**ACTIVITY**. Could you reproduce the lines below from the one with "Integrator : Integrator" through the one with "settings: configuration reference"? Keep both ends and add nothing.

(Stored items)
=======
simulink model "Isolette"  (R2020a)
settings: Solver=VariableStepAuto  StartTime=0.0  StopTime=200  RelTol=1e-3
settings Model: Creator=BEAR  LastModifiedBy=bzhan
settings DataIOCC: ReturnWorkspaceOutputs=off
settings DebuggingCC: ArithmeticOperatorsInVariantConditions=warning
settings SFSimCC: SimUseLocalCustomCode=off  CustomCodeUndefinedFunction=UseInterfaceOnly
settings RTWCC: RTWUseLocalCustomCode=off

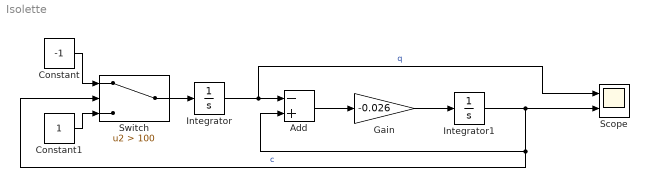
== system Isolette ==
  Add : Sum  Inputs=-+
  Constant : Constant  Value=-1
  Constant1 : Constant
  Gain : Gain  Gain=-0.026
  Integrator : Integrator  InitialCondition=75
  Integrator1 : Integrator  InitialCondition=75
  Scope : Scope  NumInputPorts=2
  Switch : Switch  Criteria=u2 > Threshold  Threshold=100
  wires:
  Constant/1 -> Switch/1
  Switch/1 -> Integrator/1
  Integrator/1 -> Scope/1, Add/1  "q"
  Add/1 -> Gain/1
  Gain/1 -> Integrator1/1
  Constant1/1 -> Switch/3
  Integrator1/1 -> Scope/2, Add/2, Switch/2  "c"
simulink model "ScriptDemo"  (R2022b)
settings: configuration reference "TmVcThermal_Configuration_sub" (kept outside this file)
undefined symbols (not defined in the file or in its folder): aaaa, bbbb, cTmComprCtrl_D_u8HvacFlowTable_db, cTmComprCtrl_D_u8HvacFlowTable_sw, cTmComprCtrl_n_i16ChillCmpIMax, cTmComprCtrl_n_i16ChillCmpIMin, cTmComprCtrl_n_i16ChillCmpIMin666, cTmComprCtrl_n_i16ChillCmpPMax, cTmComprCtrl_n_i16ChillCmpPMin, cTmComprCtrl_n_i16CmpChillCoolRpmKiMax, cTmComprCtrl_n_i16CmpChillCoolRpmKiMin, cTmComprCtrl_n_i16CmpChillCoolRpmKpMax, cTmComprCtrl_n_i16CmpChillCoolRpmKpMin, cTmComprCtrl_n_i16CmpCoolRpmKiMax, cTmComprCtrl_n_i16CmpCoolRpmKiMin, cTmComprCtrl_n_i16CmpCoolRpmKpMax, cTmComprCtrl_n_i16CmpCoolRpmKpMin, cTmComprCtrl_n_i16SM4CmpHeatKiMax, cTmComprCtrl_n_i16SM4CmpHeatKiMin, cTmComprCtrl_n_i16SM4CmpHeatKpMax, cTmComprCtrl_n_i16SM4CmpHeatKpMin, cTmComprCtrl_n_i16SM5CmpHeatKiMax, cTmComprCtrl_n_i16SM5CmpHeatKiMin, cTmComprCtrl_n_i16SM5CmpHeatKpMax, cTmComprCtrl_n_i16SM5CmpHeatKpMin, cTmComprCtrl_n_i16SM6CmpHeatKiMax, cTmComprCtrl_n_i16SM6CmpHeatKiMin, cTmComprCtrl_n_i16SM6CmpHeatKpMax, cTmComprCtrl_n_i16SM6CmpHeatKpMin, cTmComprCtrl_n_u16CmpMaxSpdFanFltLimt, cTmComprCtrl_n_u16CmpMaxSpdLoSidePFltLimt, cTmComprCtrl_n_u16CmpMaxSpdSensorFltLimt, cTmComprCtrl_n_u16CompMinRpm, cTmComprCtrl_n_u16CompRpmIncThres, cTmComprCtrl_t_u16BattCooltFFPeriod, cTmComprCtrl_t_u16BattCooltPIPeriod, cTmComprCtrl_t_u16CmpCoolFFPeriod, cTmComprCtrl_t_u16CmpCoolPIPeriod, cTmComprCtrl_t_u16CoolCmpChillFFPeriod, cTmComprCtrl_t_u16CoolCmpChillPIPeriod, cTmComprCtrl_t_u16SM4CmpHeatFFPeriod, cTmComprCtrl_t_u16SM4CmpHeatPIPeriod, cTmComprCtrl_t_u16SM5CmpHeatFFPeriod, cTmComprCtrl_t_u16SM5CmpHeatPIPeriod, cTmComprCtrl_t_u16SM6CmpHeatFFPeriod, cTmComprCtrl_t_u16SM6CmpHeatPIPeriod, cTmComprCtrl_Te_EvapClearInteg, cTmComprCtrl_Te_i16HpReqTempSaturoffset, cTmComprCtrl_Te_i16SatLpReplaceDiff, cTmComprCtrl_Te_i16SM3BatDiffStartEvapDecOffset, cTmComprCtrl_Te_i16SM3EvapLo, cTmComprCtrl_Te_i16SM3TBatDiffEntEvapDecOffset, cTmComprCtrl_Te_i16SM3TBatDiffEntEvapDecOffsetQuit, cTmComprCtrl_Te_s32ErrCmpChillPIContinueCoolH, cTmComprCtrl_Te_s32ErrCmpChillPIContinueCoolL, cTmComprCtrl_Te_s32ErrCmpPIContinueChillH, cTmComprCtrl_Te_s32ErrCmpPIContinueChillL, cTmComprCtrl_Te_s32ErrCmpPIContinueCoolH, cTmComprCtrl_Te_s32ErrCmpPIContinueCoolL, cTmComprCtrl_Te_s32ErrCmpPIContinueHeatH ... (+398)
libraries: simulink x846, PCMULib x711, simulink_need_slupdate x4
(part 29 of 49)

== system ScriptDemo/Create/createMerge/After/SM3SM23/ID26262_SM3FF ==
  note: 0704：这里为什么用误差来查表？
  sTmSigProces_Te_s32EvapFanReqRamp : Inport  OutDataTypeStr=single
  sTmIn_D_u8DCChrgSt : Inport  Port=2  OutDataTypeStr=uint8
  sTmIn_Te_s32BattHv : Inport  Port=3  OutDataTypeStr=single
  sTmIn_X_s32ClimtRcirc : Inport  Port=4  OutDataTypeStr=single
  sTmComprCtrl_D_u8HvacFlowLevel : Inport  Port=5  OutDataTypeStr=uint8
  sTmSigProces_D_u8HvBattCoolgReq : Inport  Port=6  OutDataTypeStr=uint8
  xTmComprCtrl_B_CompOnReqCompOn : Inport  Port=7  OutDataTypeStr=boolean
  sTmIn_D_u8HeatPump : Inport  Port=8  OutDataTypeStr=uint8
  1-D Lookup Table1 : Lookup_n-D  NumberOfTableDimensions=1  BreakpointsForDimension1=tTmComprCtrl_n_s32Kcmp_X  BreakpointsForDimension1DataTypeStr=Inherit: Inherit from 'Breakpoint data'  Table=tTmComprCtrl_n_s32Kcmp  TableDataTypeStr=Inherit: Inherit from 'Table data'  ExtrapMethod=Clip  InternalRulePriority=Speed  OutDataTypeStr=Inherit: Inherit via back propagation  RndMeth=Simplest  InputSameDT=off
  1-D Lookup Table2 : Lookup_n-D  NumberOfTableDimensions=1  BreakpointsForDimension1=tTmComprCtrl_n_s32KChill_X  BreakpointsForDimension1DataTypeStr=Inherit: Inherit from 'Breakpoint data'  Table=tTmComprCtrl_n_s32KChill  TableDataTypeStr=Inherit: Inherit from 'Table data'  ExtrapMethod=Clip  InternalRulePriority=Speed  OutDataTypeStr=Inherit: Inherit via back propagation  RndMeth=Simplest  InputSameDT=off
  Add : Sum  OutDataTypeStr=uint16
  From7 : From  Commented=on  GotoTag=sTmIn_Te_s32HvBattCooltTReq
  Product : Product
  Product1 : Product
  SM1FFEnable : Subsystem
  SM2FFEnable : Subsystem
  SM3SM1FF : Subsystem
  SM3SM2FF : Subsystem
  SM3FF : Outport
  wires:
  [sTmIn_Te_s32BattHv] -> 1-D Lookup Table2/1
  1-D Lookup Table1/1 -> Product1/1  "Kcmp"
  1-D Lookup Table2/1 -> Product/2  "KChill"
  [sTmSigProces_Te_s32TAmb] -> 1-D Lookup Table1/1
  Product/1 -> Add/1
  [SM1FF] -> Product/1
  Product1/1 -> Add/2
  [SM2FF] -> Product1/2
  Add/1 -> SM3FF/1
  ? -> [sTmIn_Te_s32HvBattCooltTReq]
  sTmSigProces_Te_s32EvapFanReqRamp/1 -> [sTmSigProces_Te_s32EvapFanReqRamp]
  sTmIn_D_u8DCChrgSt/1 -> [sTmIn_D_u8DCChrgSt]
  ? -> [sTmSigProces_Te_s32TAmb]
  sTmIn_Te_s32BattHv/1 -> [sTmIn_Te_s32BattHv]
  sTmIn_X_s32ClimtRcirc/1 -> [sTmIn_X_s32ClimtRcirc]
  sTmComprCtrl_D_u8HvacFlowLevel/1 -> [sTmComprCtrl_D_u8HvacFlowLevel]
  sTmSigProces_D_u8HvBattCoolgReq/1 -> [sTmSigProces_D_u8HvBattCoolgReq]
  SM1FFEnable/1(SM1FFEnable_B_SM1FFEnable) -> [SM1FFEnable_B_SM1FFEnable]
  [xTmComprCtrl_B_CompOnReqCompOn] -> SM1FFEnable/1(xTmComprCtrl_B_CompOnReqCompOn)
  [SM1FFEnable_B_SM1FFEnable] -> SM3SM1FF/Enable
  [sTmSigProces_D_u8HvBattCoolgReq] -> SM3SM1FF/2(sTmSigProces_D_u8HvBattCoolgReq)
  [sTmIn_D_u8DCChrgSt] -> SM3SM1FF/1(sTmIn_D_u8DCChrgSt)
  [sTmIn_Te_s32HvBattCooltTReq] -> ?
  [SM2FFEnable_B_SM2FFEnable] -> SM3SM2FF/Enable
  [xTmComprCtrl_B_CompOnReqCompOn] -> SM2FFEnable/1(xTmComprCtrl_B_CompOnReqCompOn)
  SM2FFEnable/1(SM2FFEnable_B_SM2FFEnable) -> [SM2FFEnable_B_SM2FFEnable]
  SM3SM1FF/1(SM1FF) -> [SM1FF]  "rTmComprCtrl_n_u16ComprRpmFFSM3SM1"
  xTmComprCtrl_B_CompOnReqCompOn/1 -> [xTmComprCtrl_B_CompOnReqCompOn]
  [sTmSigProces_Te_s32TAmb] -> ?
  SM3SM2FF/1(SM2FF) -> [SM2FF]  "rTmComprCtrl_n_u16ComprRpmFFSM3SM2"
  [sTmSigProces_Te_s32EvapFanReqRamp] -> SM3SM2FF/1(sTmSigProces_Te_s32EvapFanReqRamp)
  [sTmSigProces_Te_s32TAmb] -> ?
  [sTmIn_X_s32ClimtRcirc] -> SM3SM2FF/2(sTmIn_X_s32ClimtRcirc)
  [sTmComprCtrl_D_u8HvacFlowLevel] -> SM3SM2FF/3(sTmComprCtrl_D_u8HvacFlowLevel)
  [sTmIn_D_u8HeatPump] -> SM3SM2FF/4(sTmIn_D_u8HeatPump)
  sTmIn_D_u8HeatPump/1 -> [sTmIn_D_u8HeatPump]
  [sTmIn_D_u8HeatPump] -> SM3SM1FF/3(sTmIn_D_u8HeatPump)

== system ScriptDemo/Create/createMerge/After/SM3SM23/ID26263_SM3Error ==
  note: 非热泵
  note: 1: 非热泵
      | 2：热泵
  note: 热泵
  sTmSigProces_Te_s32EvapFanReqRamp : Inport  OutDataTypeStr=single
  sTmIn_D_u8HeatPump : Inport  Port=2  OutDataTypeStr=uint8
  sTmSigProces_D_u8HvBattCoolgReq : Inport  Port=3  OutDataTypeStr=uint8
  sTmSigProces_Te_s32EvapFanFilter : Inport  Port=4  OutDataTypeStr=single
  xTmComprCtrl_B_ModeChanged : Inport  Port=5  OutDataTypeStr=boolean
  Compare To Constant1 : simulink/Logic and Bit Operations/Compare To Constant  relop===  const=2  OutDataTypeStr=boolean
  SM3HPErr : Subsystem
  SM3NHPErr : Subsystem
  Switch : Switch  Criteria=u2 ~= 0  SaturateOnIntegerOverflow=off  InputSameDT=off
  rTmComprCtrl_Te_s32TempError : Outport
  wires:
  Compare To Constant1/1 -> Switch/2
  [sTmIn_D_u8HeatPump] -> Compare To Constant1/1
  Switch/1 -> rTmComprCtrl_Te_s32TempError/1
  SM3NHPErr/1(SM3NHPErr_Te_s32Error) -> Switch/3
  SM3HPErr/1(SM3HPErr_Te_s32Error) -> Switch/1
  [sTmSigProces_Te_s32EvapFanReqRamp] -> SM3HPErr/1(sTmSigProces_Te_s32EvapFanReqRamp)
  [sTmIn_Te_s32HvBattCooltTReq] -> ?
  [sTmSigProces_Te_s32EvapFanFilter] -> SM3HPErr/2(sTmSigProces_Te_s32EvapFanFilter)
  [sTmSigProces_Te_s32HvBattCooltTFilter] -> ?
  [sTmSigProces_Te_s32EvapFanReqRamp] -> SM3NHPErr/1(sTmSigProces_Te_s32EvapFanReqRamp)
  [sTmIn_Te_s32HvBattCooltTReq] -> ?
  [sTmSigProces_D_u8HvBattCoolgReq] -> SM3NHPErr/2(sTmSigProces_D_u8HvBattCoolgReq)
  [sTmSigProces_Te_s32EvapFanFilter] -> SM3NHPErr/3(sTmSigProces_Te_s32EvapFanFilter)
  [sTmSigProces_Te_s32HvBattCooltTFilter] -> ?
  sTmSigProces_Te_s32EvapFanReqRamp/1 -> [sTmSigProces_Te_s32EvapFanReqRamp]
  sTmIn_D_u8HeatPump/1 -> [sTmIn_D_u8HeatPump]
  ? -> [sTmIn_Te_s32HvBattCooltTReq]
  sTmSigProces_D_u8HvBattCoolgReq/1 -> [sTmSigProces_D_u8HvBattCoolgReq]
  sTmSigProces_Te_s32EvapFanFilter/1 -> [sTmSigProces_Te_s32EvapFanFilter]
  ? -> [sTmSigProces_Te_s32HvBattCooltTFilter]
  [xTmComprCtrl_B_ModeChanged] -> SM3HPErr/3(xTmComprCtrl_B_ModeChanged)
  xTmComprCtrl_B_ModeChanged/1 -> [xTmComprCtrl_B_ModeChanged]

== system ScriptDemo/Create/createMerge/After/SM3SM23/SM3SM1Error ==
  "NegAndPosCheck " : Subsystem  AncestorBlock=CustomLib/TempNegAndPosCheck
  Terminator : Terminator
=======
**SOLUTION**.
  Integrator : Integrator  InitialCondition=75
  Integrator1 : Integrator  InitialCondition=75
  Scope : Scope  NumInputPorts=2
  Switch : Switch  Criteria=u2 > Threshold  Threshold=100
  wires:
  Constant/1 -> Switch/1
  Switch/1 -> Integrator/1
  Integrator/1 -> Scope/1, Add/1  "q"
  Add/1 -> Gain/1
  Gain/1 -> Integrator1/1
  Constant1/1 -> Switch/3
  Integrator1/1 -> Scope/2, Add/2, Switch/2  "c"
simulink model "ScriptDemo"  (R2022b)
settings: configuration reference "TmVcThermal_Configuration_sub" (kept outside this file)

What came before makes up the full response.